“That’s my secret,” Merry says. “I’ll tell you once we’ve grown closer.”
She’s lying. Yes, she’d probably tell him soon enough. But the part about it being a secret? That’s a falsehood because there’s a tang of dishonesty in her reply. For all he knows, she’s a popular female, her root emotion patent to every exile in this city. Perhaps it’s a fragment of knowledge within a much larger canon.
The wordmerrydescribes a state of being, not a feeling. So that can’t be the emotion she’d been born to wield.
Why keep this private from him? Why be meek about it?
Lying isn’t a favorable sign, but it does get her to chirp less. If only for an instant, enough for him to draw a breath.
“What about you? Did you come here straight from the Peaks?” she asks. “How long did you live there? Were you already serving the mortal realm? Were you banished recently? I’m just so eager to know what we have in common.”
Anger rations his words. “I grew up in the Peaks. I was an archer who made a mistake. Now I’m paying for it.”
As predicted, she lobs more questions at him. What’s it like in the Peaks? What class did he belong to? Why was he banished? What transgression did he commit?

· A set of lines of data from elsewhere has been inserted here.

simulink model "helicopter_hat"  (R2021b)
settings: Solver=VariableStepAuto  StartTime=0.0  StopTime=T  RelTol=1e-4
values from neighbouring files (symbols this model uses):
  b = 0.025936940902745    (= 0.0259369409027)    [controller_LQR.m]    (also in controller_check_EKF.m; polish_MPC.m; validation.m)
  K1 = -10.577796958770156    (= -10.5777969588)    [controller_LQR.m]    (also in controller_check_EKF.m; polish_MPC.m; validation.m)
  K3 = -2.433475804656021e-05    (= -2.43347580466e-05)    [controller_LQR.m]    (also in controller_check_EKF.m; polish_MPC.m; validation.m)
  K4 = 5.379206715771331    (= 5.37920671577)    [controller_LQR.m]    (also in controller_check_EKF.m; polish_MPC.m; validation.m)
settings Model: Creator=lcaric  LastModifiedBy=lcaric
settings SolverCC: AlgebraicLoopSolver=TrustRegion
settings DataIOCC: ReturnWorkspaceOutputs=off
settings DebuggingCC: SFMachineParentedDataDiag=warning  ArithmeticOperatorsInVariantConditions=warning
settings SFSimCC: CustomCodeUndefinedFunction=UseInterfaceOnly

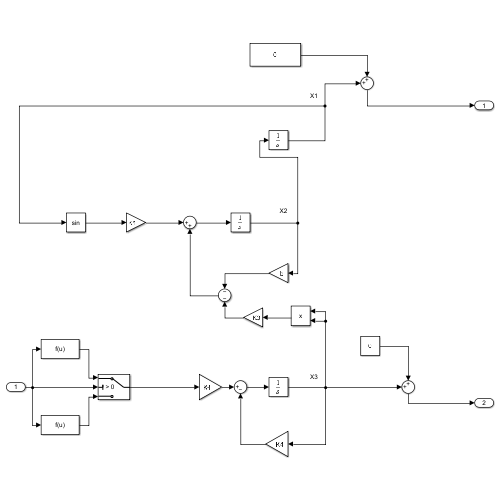
[thumbnail: Simulink's stored preview of the top-level diagram]
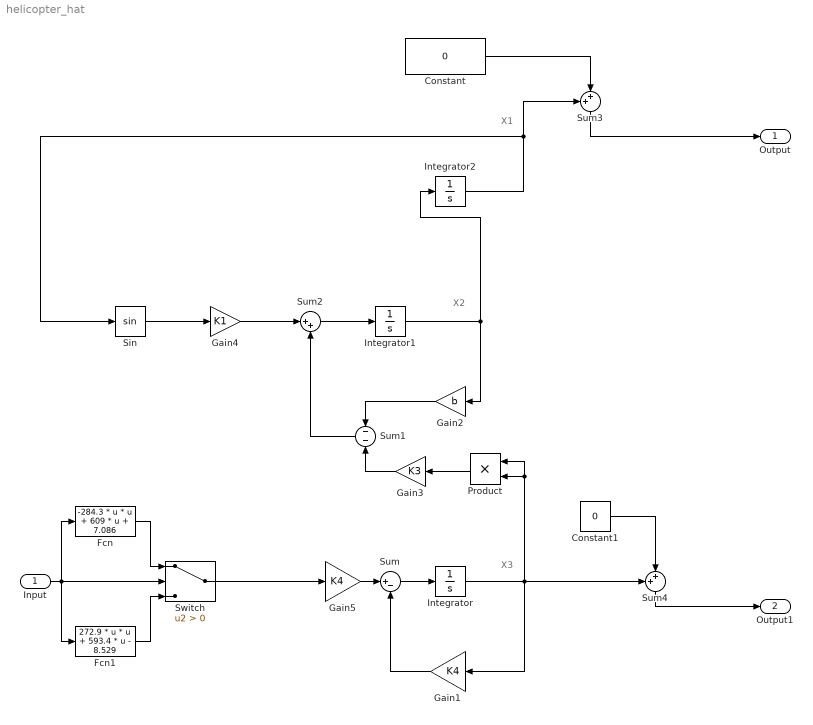
== system helicopter_hat ==
  note: X1
  note: X2
  note: X3
  Input : Inport
  Constant : Constant  Value=0
  Constant1 : Constant  Value=0
  Fcn : Fcn  Expr=-284.3 * u * u + 609 * u + 7.086
  Fcn1 : Fcn  Expr=272.9 * u * u + 593.4 * u - 8.529
  Gain1 : Gain  Gain=K4
  Gain2 : Gain  Gain=b
  Gain3 : Gain  Gain=K3
  Gain4 : Gain  Gain=K1
  Gain5 : Gain  Gain=K4
  Integrator : Integrator
  Integrator1 : Integrator  AbsoluteTolerance=10e-4
  Integrator2 : Integrator
  Product : Product
  Sin : Trigonometry
  Sum : Sum  Inputs=|+-
  Sum1 : Sum  Inputs=--
  Sum2 : Sum  Inputs=|++
  Sum3 : Sum  Inputs=++|
  Sum4 : Sum  Inputs=++|
  Switch : Switch  Criteria=u2 > Threshold
  Output : Outport  VectorParamsAs1DForOutWhenUnconnected=off
  Output1 : Outport  Port=2  VectorParamsAs1DForOutWhenUnconnected=off
  wires:
  Gain1/1 -> Sum/2
  Sum/1 -> Integrator/1
  Integrator/1 -> Gain1/1, Product/2, Product/1, Sum4/1
  Gain2/1 -> Sum1/1
  Gain3/1 -> Sum1/2
  Integrator2/1 -> Sum3/1, Sin/1
  Sum1/1 -> Sum2/2
  Sin/1 -> Gain4/1
  Sum2/1 -> Integrator1/1
  Gain4/1 -> Sum2/1
  Integrator1/1 -> Gain2/1, Integrator2/1
  Sum3/1 -> Output/1
  Constant/1 -> Sum3/2
  Sum4/1 -> Output1/1
  Constant1/1 -> Sum4/2
  Gain5/1 -> Sum/1
  Product/1 -> Gain3/1
  Input/1 -> Fcn1/1, Fcn/1, Switch/2
  Switch/1 -> Gain5/1
  Fcn1/1 -> Switch/3
  Fcn/1 -> Switch/1

She doesn’t spare him a moment to actually respond. Just as well. He’s not in the mood for chit-chat, but the quieter he remains, the more practical information subsequently leaks out of Merry.
Some of the details, he already knows.
They’re in a city dubbed by mortals as the “Celestial City.” The moniker is a nod to destiny because this is where the stars burn brightest, more than any other metropolis in the country. It’s a landscape of historical architecture, with fewer skyscrapers and more nature than a common urban setting. It’s a realm crammed with glittering trees and a Carnival of Stars at its heart.
Anger hadn’t planned on traveling here. He hadn’t intended to leave Ever, the snow-capped mountain hamlet where he’d been brooding until recently. But he’d heard of this place, known as the refuge where immortal outcasts flock, lured by the location’s starry reputation.
Anger had sneered at the hype until he’ gotten desperate. Curiosity—plus a hodgepodge of alienation, virulence, and selfishness—had won out. Not that he tells Merry any of this. Although he wonders what she’d think, what she’d say, because there’s something edifying about her festive spirit, so void of ego.
Unfortunately, she’sstilltalking. If there’s one thing that Anger cannot abide, it’s nonsense. A great big chunk of him longs to find theOffswitch, but she’s done him a service, so he reins in his annoyance. “Who was that archer chasing you?”
“The bad guy,” she replies. “There are two kinds of exiles here. The ones who hug and the ones who stab. The latter is Malice in a jar—sorry, I should have made that clear before, when I mentioned him clubbing you. He’s a grim reaper with the soul of a sadist—and the grin of one, too—and he’s the one who socked you in the noggin, when really none of that should have happened since the Carnival of Stars is neutral territory. Combat is prohibited there, but we got swept up in the moment, and you didn’t know any better. Outcasts each have their turfs, and we each have our own homes within those turfs. This is mine.” She smiles, flashing that toothy gap. “I’m glad you’re on my side.”
He snaps, “Who said I was?”
“I do. You’re invited. Don’t you want to be invited by me?”
“What does my face tell you?”
She takes that literally, her effervescent gaze orbiting his features. “It tells me that you’re afraid to get close to anyone because…because the last time you did, it wounded you gravely?”
“She didn’t wound me.”
The pronoun just comes out. Belatedly, Anger realizes his error.
“Oh.” Merry pounces, tilting her head like a flexible straw. “Are you a man scorned?”
“Fates. Are you for real?”
“That means yes.” She shackles his fingers, clamping them to her own. “Did you suffer a forbidden romance with another god or goddess, thus forfeiting your status, and that’s why you were banished? How calamitous. You must be world-weary and in need of mending.”
Truthfully, he’s in need of a fire escape. He wrenches his hand from hers, dumbstruck by the way his flesh tingles, so much that he shakes his digits.
A spike of rage climbs up his windpipe, a shout building there. He tears out of the bed. “Where’s my archery?”
“I don’t know,” she confesses, rising with him. “The last time I saw it, you were aiming at Malice, but then you got hurt and collapsed, and it all happened so fast. By the time I got you to your feet, I didn’t see the bow or quiver anywhere.”
He nods. “Then we’re done here.”
“No, wait!” She braces her fishnet palms on his chest. “We’ve only just met.”
He ignores that while strutting toward the doors that lead to the roof. Someplace in the carnival, they’d left behind the sole relic of his existence, his purpose, his worth. Deprived of his bow, he feels stripped, incomplete, and even more useless than he did yesterday.